HO CHI MINH CITY, July 17, 2005 - Fifteen years ago Saigon South was all marshland and paddy fields, worked by peasant farmers. But years of runaway growth have led to a remarkable transformation.
The area is now a fashionable district, resembling a neat American suburb, in Ho Chi Minh City, southern Vietnam's business capital, once called Saigon.
It is laying claim to being the future face of Ho Chi Minh City, a look that authorities hope will allow the new district to emulate some of the more advanced cities of Asia.
Alongside tree-lined avenues are the latest designs in apartment blocks, boutiques and luxury villas, albeit some built to garish tastes. Shopping complexes and a high technology park are leaving the drawing boards.
Ho Chi Minh City, the country's growth engine with a burgeoning population renowned for its dynamism, is a permanent construction site trying to meet an insatiable hunger for space.
Saigon South is a fashionable area, said Kim, a 40-year-old businesswoman who declined to give her family name.
"For expatriates, especially South Koreans (who are present in large numbers in Vietnam), and for local yuppies and the young-at-heart, who have stable and good incomes," she said.

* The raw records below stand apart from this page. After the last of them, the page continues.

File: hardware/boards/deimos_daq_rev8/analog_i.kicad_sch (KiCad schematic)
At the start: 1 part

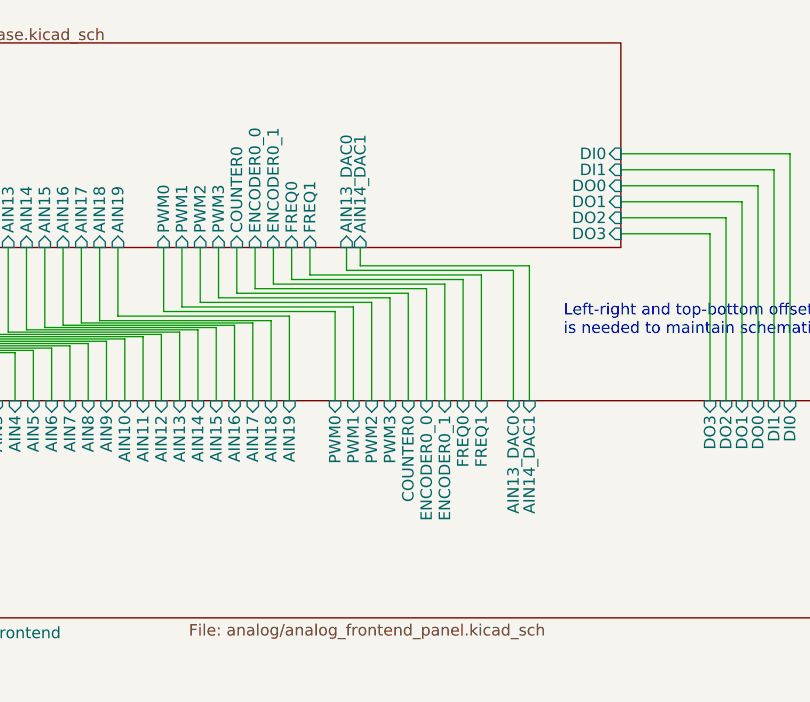
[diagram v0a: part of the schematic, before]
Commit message: update gpio input buffer schematic to use 22k resistor and schottky to 3v3 instead of zener to ground
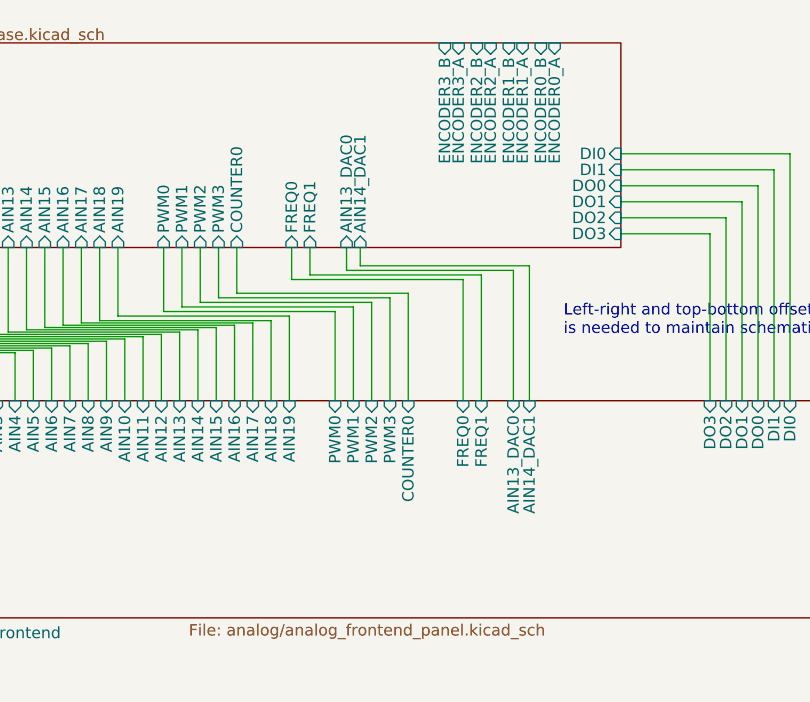
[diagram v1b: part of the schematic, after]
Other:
- sheet analog_frontend ports: added none; removed ENCODER0_0, ENCODER0_1
- sheet base ports: added ENCODER0_A, ENCODER0_B, ENCODER1_A, ENCODER1_B, ENCODER2_A, ENCODER2_B, ENCODER3_A, ENCODER3_B; removed ENCODER0_0, ENCODER0_1
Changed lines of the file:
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@@
-	(wire
-		(pts
-			(xy 71.12 39.37) (xy 71.12 43.434)
-		)
-		(stroke
-			(width 0)
-			(type default)
-		)
-	)
 	(wire
 		(pts
@@
 	(wire
 		(pts
-			(xy 71.12 43.434) (xy 90.17 43.434)
-		)
-		(stroke
-			(width 0)
-			(type default)
-		)
-	)
-	(wire
-		(pts
 			(xy 80.772 39.37) (xy 80.772 41.402)
 		)
@@
 	(wire
 		(pts
-			(xy 88.138 56.388) (xy 88.138 43.942)
-		)
-		(stroke
-			(width 0)
-			(type default)
-		)
-	)
-	(wire
-		(pts
 			(xy 77.978 56.388) (xy 77.978 46.482)
 		)
@@
 	(wire
 		(pts
-			(xy 69.088 43.942) (xy 69.088 39.37)
-		)
-		(stroke
-			(width 0)
-			(type default)
-		)
-	)
-	(wire
-		(pts
 			(xy 77.978 46.482) (xy 58.928 46.482)
 		)
@@
 	(wire
 		(pts
-			(xy 90.17 43.434) (xy 90.17 56.388)
-		)
-		(stroke
-			(width 0)
-			(type default)
-		)
-	)
-	(wire
-		(pts
 			(xy 47.752 48.006) (xy 66.802 48.006)
 		)
@@
 		(pts
 			(xy 99.568 41.402) (xy 99.568 56.388)
-		)
-		(stroke
-			(width 0)
-			(type default)
-		)
-	)
-	(wire
-		(pts
-			(xy 88.138 43.942) (xy 69.088 43.942)
 		)
 		(stroke
@@
 			)
 		)
-		(pin "ENCODER0_0" input
-			(at 69.088 39.37 270)
-			(effects
-				(font
-					(size 1.27 1.27)
-				)
-				(justify left)
-			)
-		)
-		(pin "ENCODER0_1" input
-			(at 71.12 39.37 270)
-			(effects
-				(font
-					(size 1.27 1.27)
-				)
-				(justify left)
-			)
-		)
 		(pin "FREQ0" input
 			(at 73.152 39.37 270)
@@
 		(pin "DO0" input
 			(at 109.728 32.512 0)
+			(effects
+				(font
+					(size 1.27 1.27)
+				)
+				(justify right)
+			)
+		)
+		(pin "ENCODER3_A" input
+			(at 91.694 16.637 90)
+			(effects
+				(font
+					(size 1.27 1.27)
+				)
+				(justify right)
+			)
+		)
+		(pin "ENCODER3_B" input
+			(at 90.17 16.637 90)
+			(effects
+				(font
+					(size 1.27 1.27)
+				)
+				(justify right)
+			)
+		)
+		(pin "ENCODER2_B" input
+			(at 93.726 16.637 90)
+			(effects
+				(font
+					(size 1.27 1.27)
+				)
+				(justify right)
+			)
+		)
+		(pin "ENCODER0_B" input
+			(at 100.838 16.637 90)
+			(effects
+				(font
+					(size 1.27 1.27)
+				)
+				(justify right)
+			)
+		)
+		(pin "ENCODER2_A" input
+			(at 95.25 16.637 90)
+			(effects
+				(font
+					(size 1.27 1.27)
+				)
+				(justify right)
+			)
+		)
+		(pin "ENCODER0_A" input
+			(at 102.362 16.637 90)
+			(effects
+				(font
+					(size 1.27 1.27)
+				)
+				(justify right)
+			)
+		)
+		(pin "ENCODER1_A" input
+			(at 98.806 16.637 90)
+			(effects
+				(font
+					(size 1.27 1.27)
+				)
+				(justify right)
+			)
+		)
+		(pin "ENCODER1_B" input
+			(at 97.282 16.637 90)
 			(effects
 				(font
@@
 			)
 		)
-		(pin "ENCODER0_0" input
-			(at 88.138 56.388 90)
-			(effects
-				(font
-					(size 1.27 1.27)
-				)
-				(justify right)
-			)
-		)
 		(pin "FREQ1" input
 			(at 94.234 56.388 90)
 			(effects
 				(font
-					(size 1.27 1.27)
-				)
-				(justify right)
-			)
-		)
-		(pin "ENCODER0_1" input
-			(at 90.17 56.388 90)
-			(effects
-				(font

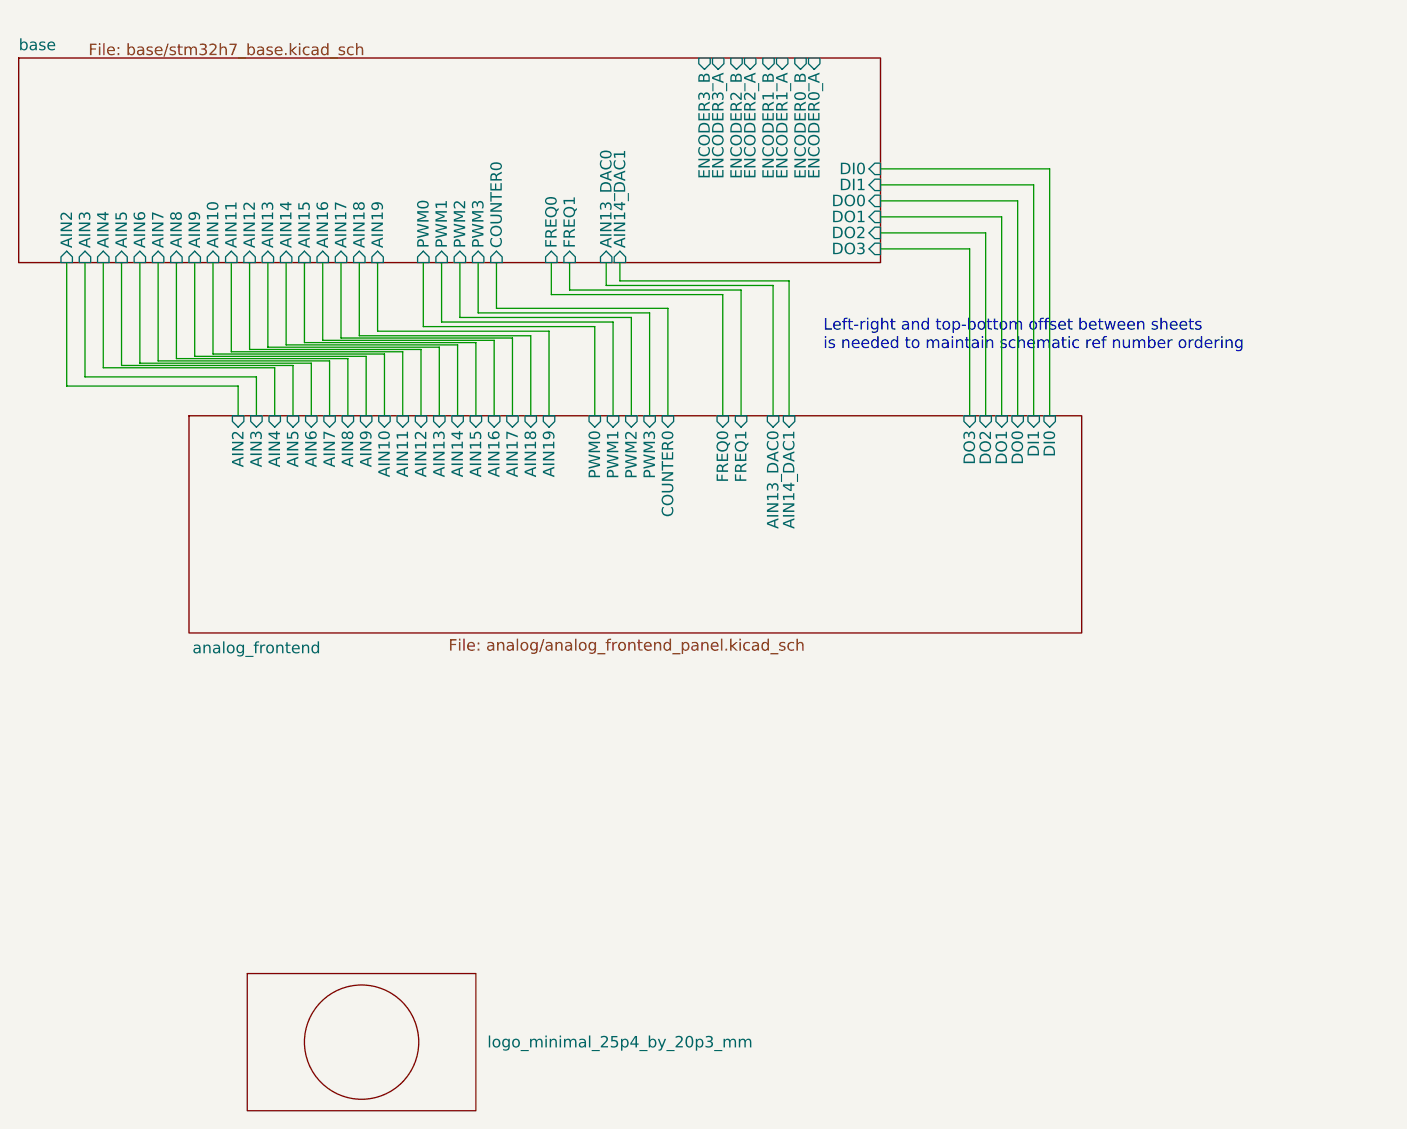
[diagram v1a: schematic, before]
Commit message: finish layout and generate fab files
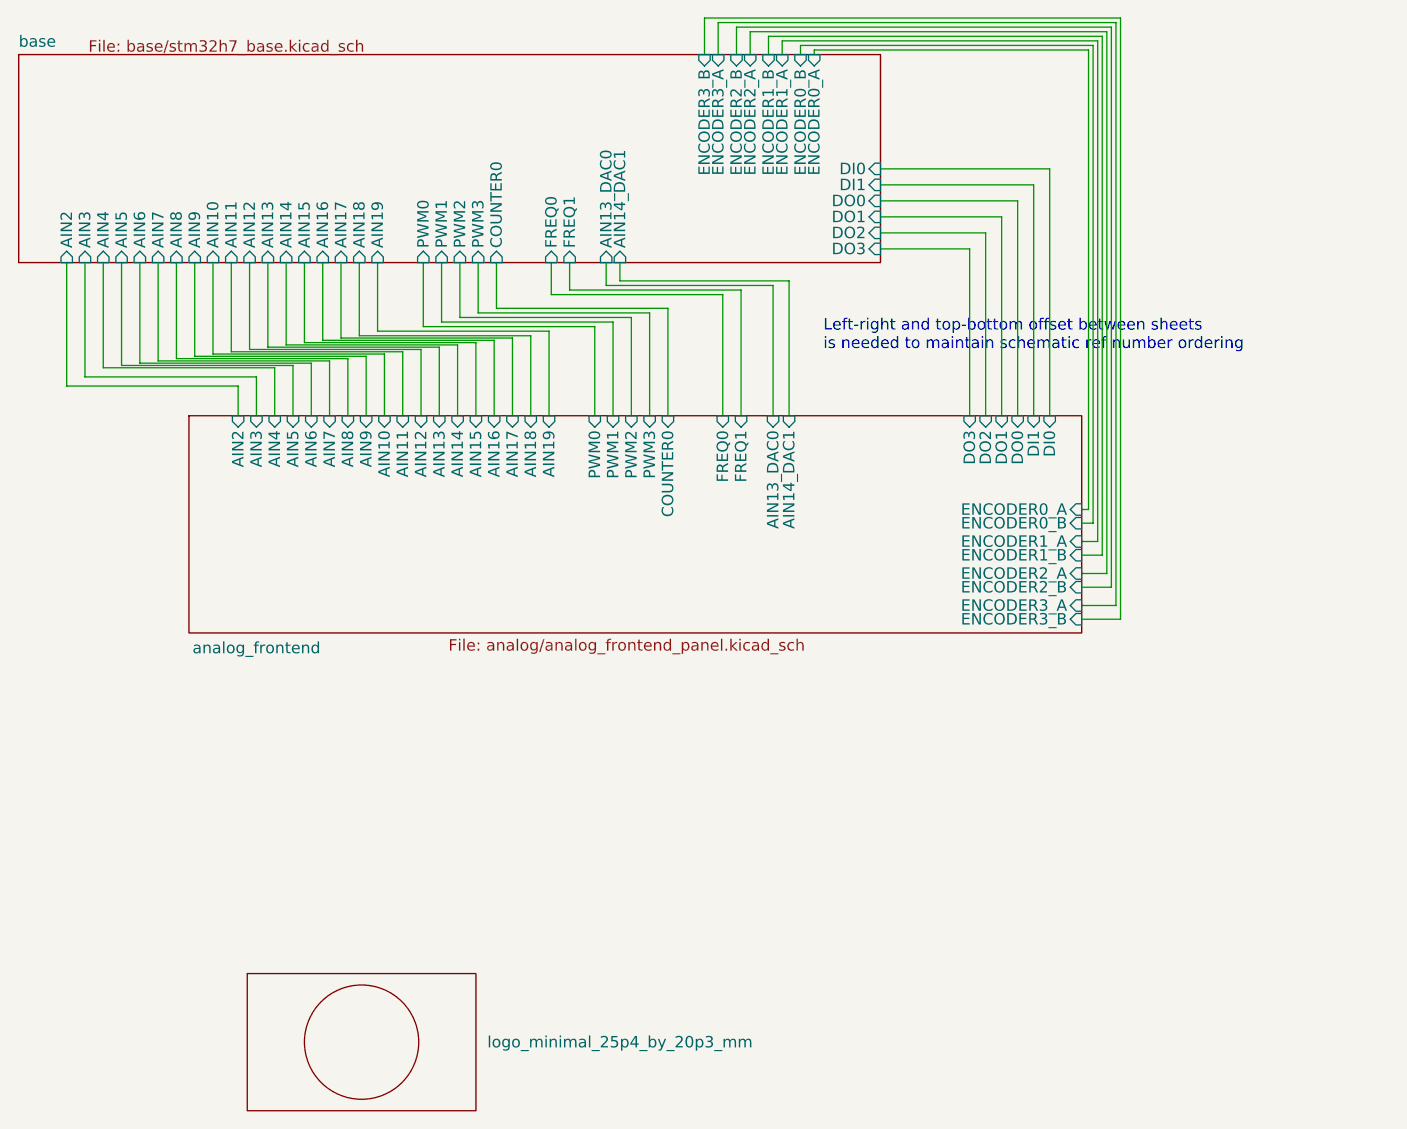
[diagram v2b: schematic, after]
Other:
- sheet analog_frontend ports: added ENCODER0_A, ENCODER0_B, ENCODER1_A, ENCODER1_B, ENCODER2_A, ENCODER2_B, ENCODER3_A, ENCODER3_B; removed none
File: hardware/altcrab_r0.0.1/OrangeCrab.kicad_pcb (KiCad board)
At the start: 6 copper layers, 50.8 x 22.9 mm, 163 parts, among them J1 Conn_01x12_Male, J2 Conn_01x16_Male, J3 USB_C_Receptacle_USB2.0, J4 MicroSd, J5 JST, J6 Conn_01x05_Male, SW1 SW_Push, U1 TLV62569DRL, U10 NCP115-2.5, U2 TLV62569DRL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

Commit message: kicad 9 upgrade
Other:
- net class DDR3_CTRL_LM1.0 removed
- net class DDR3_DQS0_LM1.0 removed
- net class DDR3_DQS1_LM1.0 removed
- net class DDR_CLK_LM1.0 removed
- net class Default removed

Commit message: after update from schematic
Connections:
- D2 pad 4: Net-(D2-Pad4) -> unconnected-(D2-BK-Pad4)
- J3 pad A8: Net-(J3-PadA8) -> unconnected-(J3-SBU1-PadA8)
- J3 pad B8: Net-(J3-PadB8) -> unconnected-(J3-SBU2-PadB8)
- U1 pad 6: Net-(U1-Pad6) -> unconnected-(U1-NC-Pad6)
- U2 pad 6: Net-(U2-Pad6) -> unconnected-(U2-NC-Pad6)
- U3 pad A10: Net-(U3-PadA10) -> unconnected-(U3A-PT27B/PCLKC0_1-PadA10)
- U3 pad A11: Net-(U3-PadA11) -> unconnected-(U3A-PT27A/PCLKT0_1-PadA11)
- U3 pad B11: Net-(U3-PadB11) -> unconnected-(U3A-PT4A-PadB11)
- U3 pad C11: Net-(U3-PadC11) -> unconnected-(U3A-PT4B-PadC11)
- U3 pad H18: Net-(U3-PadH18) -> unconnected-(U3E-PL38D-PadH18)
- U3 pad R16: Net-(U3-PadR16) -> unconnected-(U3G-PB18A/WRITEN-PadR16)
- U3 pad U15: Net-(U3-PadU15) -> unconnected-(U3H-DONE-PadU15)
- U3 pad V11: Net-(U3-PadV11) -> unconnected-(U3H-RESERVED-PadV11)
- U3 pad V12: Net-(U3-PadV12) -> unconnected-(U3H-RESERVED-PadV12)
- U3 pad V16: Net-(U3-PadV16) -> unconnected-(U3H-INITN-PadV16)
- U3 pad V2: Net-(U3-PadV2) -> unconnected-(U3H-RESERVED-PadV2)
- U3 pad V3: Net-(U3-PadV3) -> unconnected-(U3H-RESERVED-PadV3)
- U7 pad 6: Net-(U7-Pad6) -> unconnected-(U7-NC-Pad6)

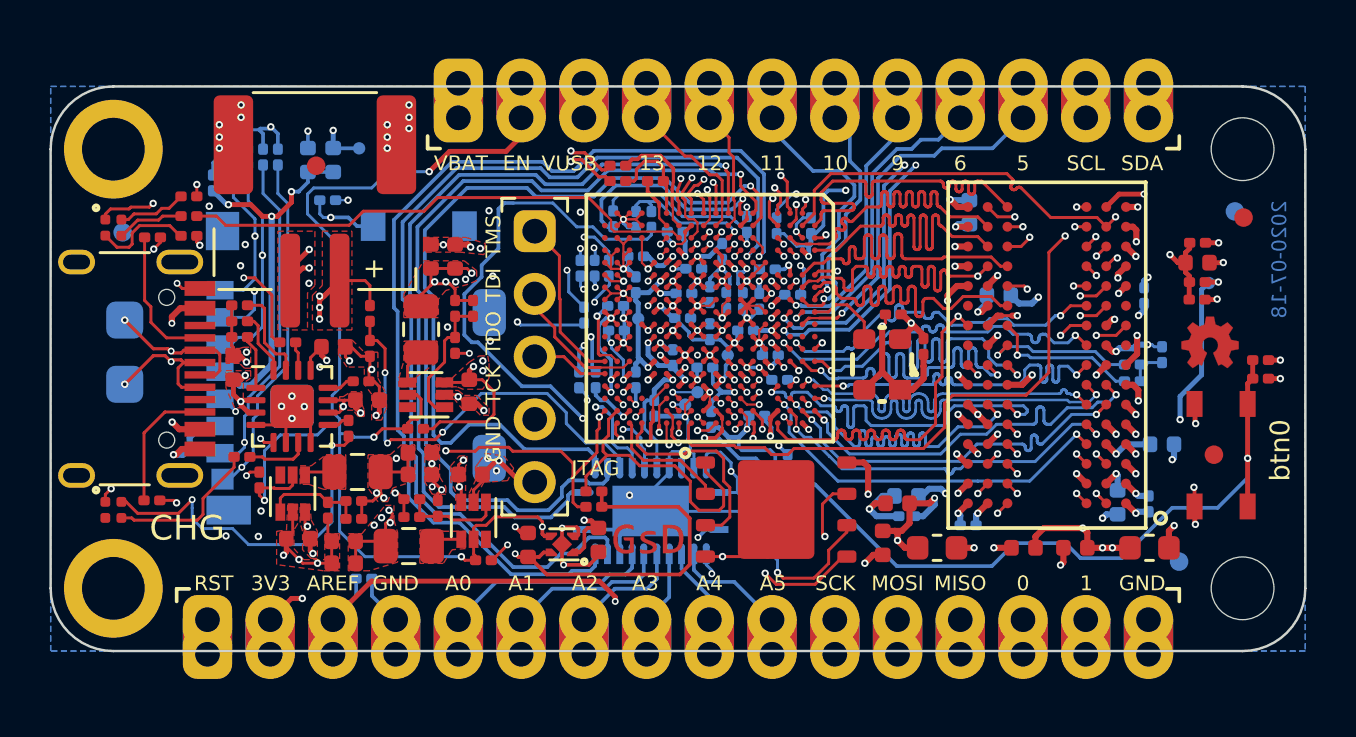
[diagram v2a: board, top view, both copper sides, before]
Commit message: update pcb from schematic after footprint changes
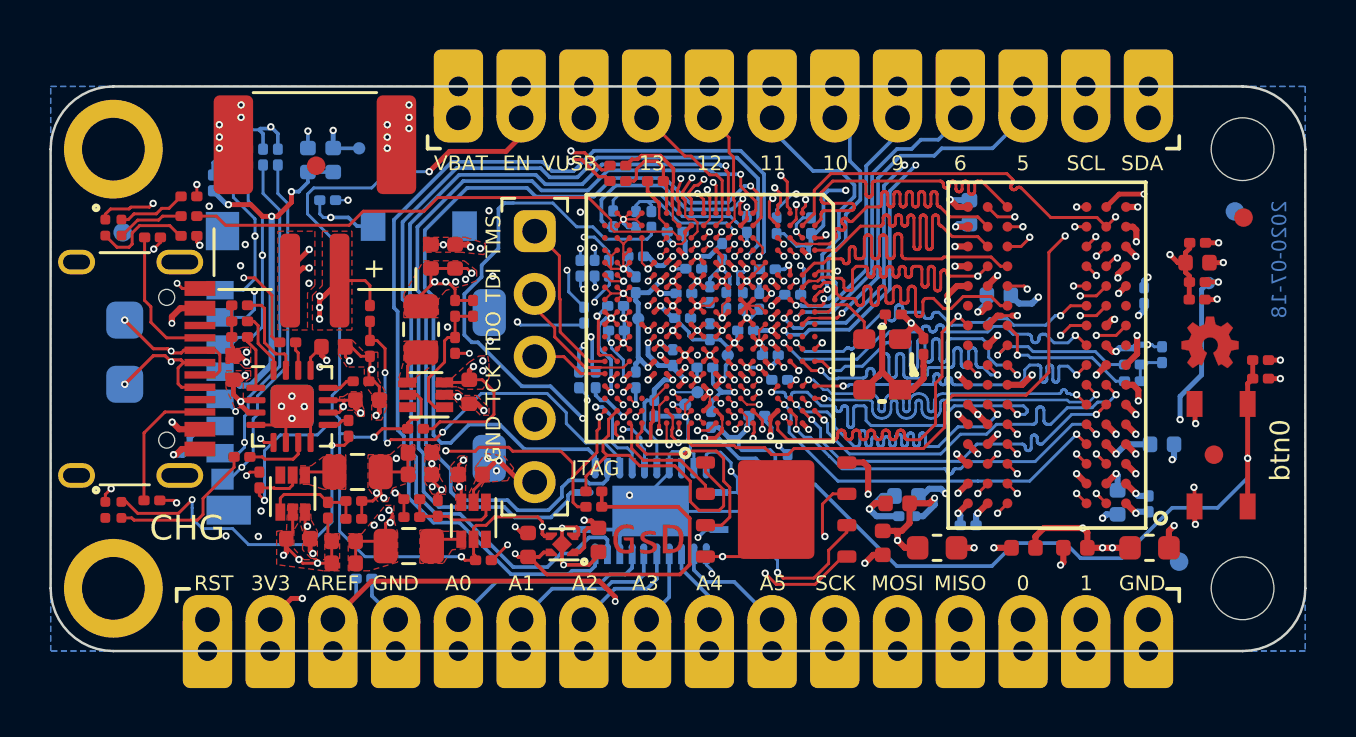
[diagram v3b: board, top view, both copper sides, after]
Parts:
- J1: footprint gkl_conn:Feather_PinHeader_1x12 -> w531t4_altcrab_footprints:Feather_PinHeader_1x12 _ castellated
- J2: footprint gkl_conn:Feather_PinHeader_1x16 -> w531t4_altcrab_footprints:Feather_PinHeader_1x16_castellated

Kim gave up her house close to the airport on the northern outskirts in March and bought another featuring three rooms and a small garden in Saigon South.
"It's close to the city-centre and the prices are reasonable. It's a quiet neighbourhood and a security guard keeps watch," she said.
Her husband found the essential requisites for well-heeled residents -- tennis courts and a golf course.
Promoted by Taiwanese developer Central Trading and Development Group, Saigon South covers 3,100 hectares (about 7,650 acres) and stands in contrast to the chaotic development elsewhere in Ho Chi Minh City. For several years, the authorities have been seeking to get a grip on runaway development.
The city's population has swollen from 500,000 in the 1940s to 3.5 million in 1975 -- when the Vietnam War ended --- and to the current seven million. But the growth has been supported by no planned development.
Between 1994 and 1997, it fattened further and witnessed an influx of foreign investors enamoured by the prospect of another emerging Asian Tiger as the Communist government moved from a central planned to a more market oriented economy.
The city's property market bore an El Dorado air.
"But with the Asian financial crisis, the city experienced a recession between 1997 and 2000," said Mark Townsend, CB Richard Ellis Vietnam's managing director.
And like other major cities in Asia, Townsend said Ho Chi Minh was lined with unfinished buildings.
The crisis passed and by 2000 another round of growth began.
"Vietnamese companies embraced the real estate market. For the last year, foreign groups have been coming back. They are mostly Asian, from Taiwan, South Korea, Singapore or Thailand," Townsend said.
A new urban middle class is emerging on the back of the city's runaway economic growth, which touched 11 percent last year, fuelling a chronic space shortage.
In the city centre, luxury buildings are mushrooming at 20 dollars a square-metre (10.76 square feet), much higher than in Bangkok.
To help fill demand and cash-in, Vietnamese developer Bitexco in April launched construction of a 68-storey building, the city's tallest. In every direction, Ho Chi Minh City is breaching its limits.
"Residential districts have come up to the northwest and southwest of the city," said Pierre-Jean Malgouyres, deputy general manager of Archetype, a firm of architects and engineers.
"It's an often anarchic urbanisation," he said, warning of serious problems for water treatment and waste disposal.
Ho Chi Minh City's planning and investment department acknowledges the problem, declaring recently on its website that the city "suffers from a worrying environmental deterioration".
Hoang Dao Kinh, deputy chairman of the Vietnam Architecture Association, said in the state-run press that Vietnamese cities need to be developed in a controlled way.
"But we have never reached this target because the pace of development always outstrips us."
Ho Chi Minh City is congested, polluted to near choking point but the authorities have not abandoned their ambition of making it a major city in the region.
To the east of the city, another new urban area is coming up in the Thu Thiem district, across the Saigon river.
"The city authorities want to develop nothing short of another Singapore or the equivalent of the Pudong new district in Shanghai," says Archetype's Malgouyres.
The project, under consideration for over a decade, has been handed to American architects Sasaki Associates, and company president Dennis Pieprz says soulless concrete blocks are out.
Environmental quality will be of the essence for 130,000 residents, he said. A fifth of the area will feature parks, green space and water courses.
"The plan reshapes canals and creates lakes, we think of our project as an 'urban delta'," Pieprz insists while alluding to the Mekong delta, the extremely fertile area in southern Vietnam.
All that remains is to rope in the investors. And if they come round, Ho Chi Minh City will by 2020 have acquired a well planned urban environment, taking it a few more steps closer to becoming a modern metropolis.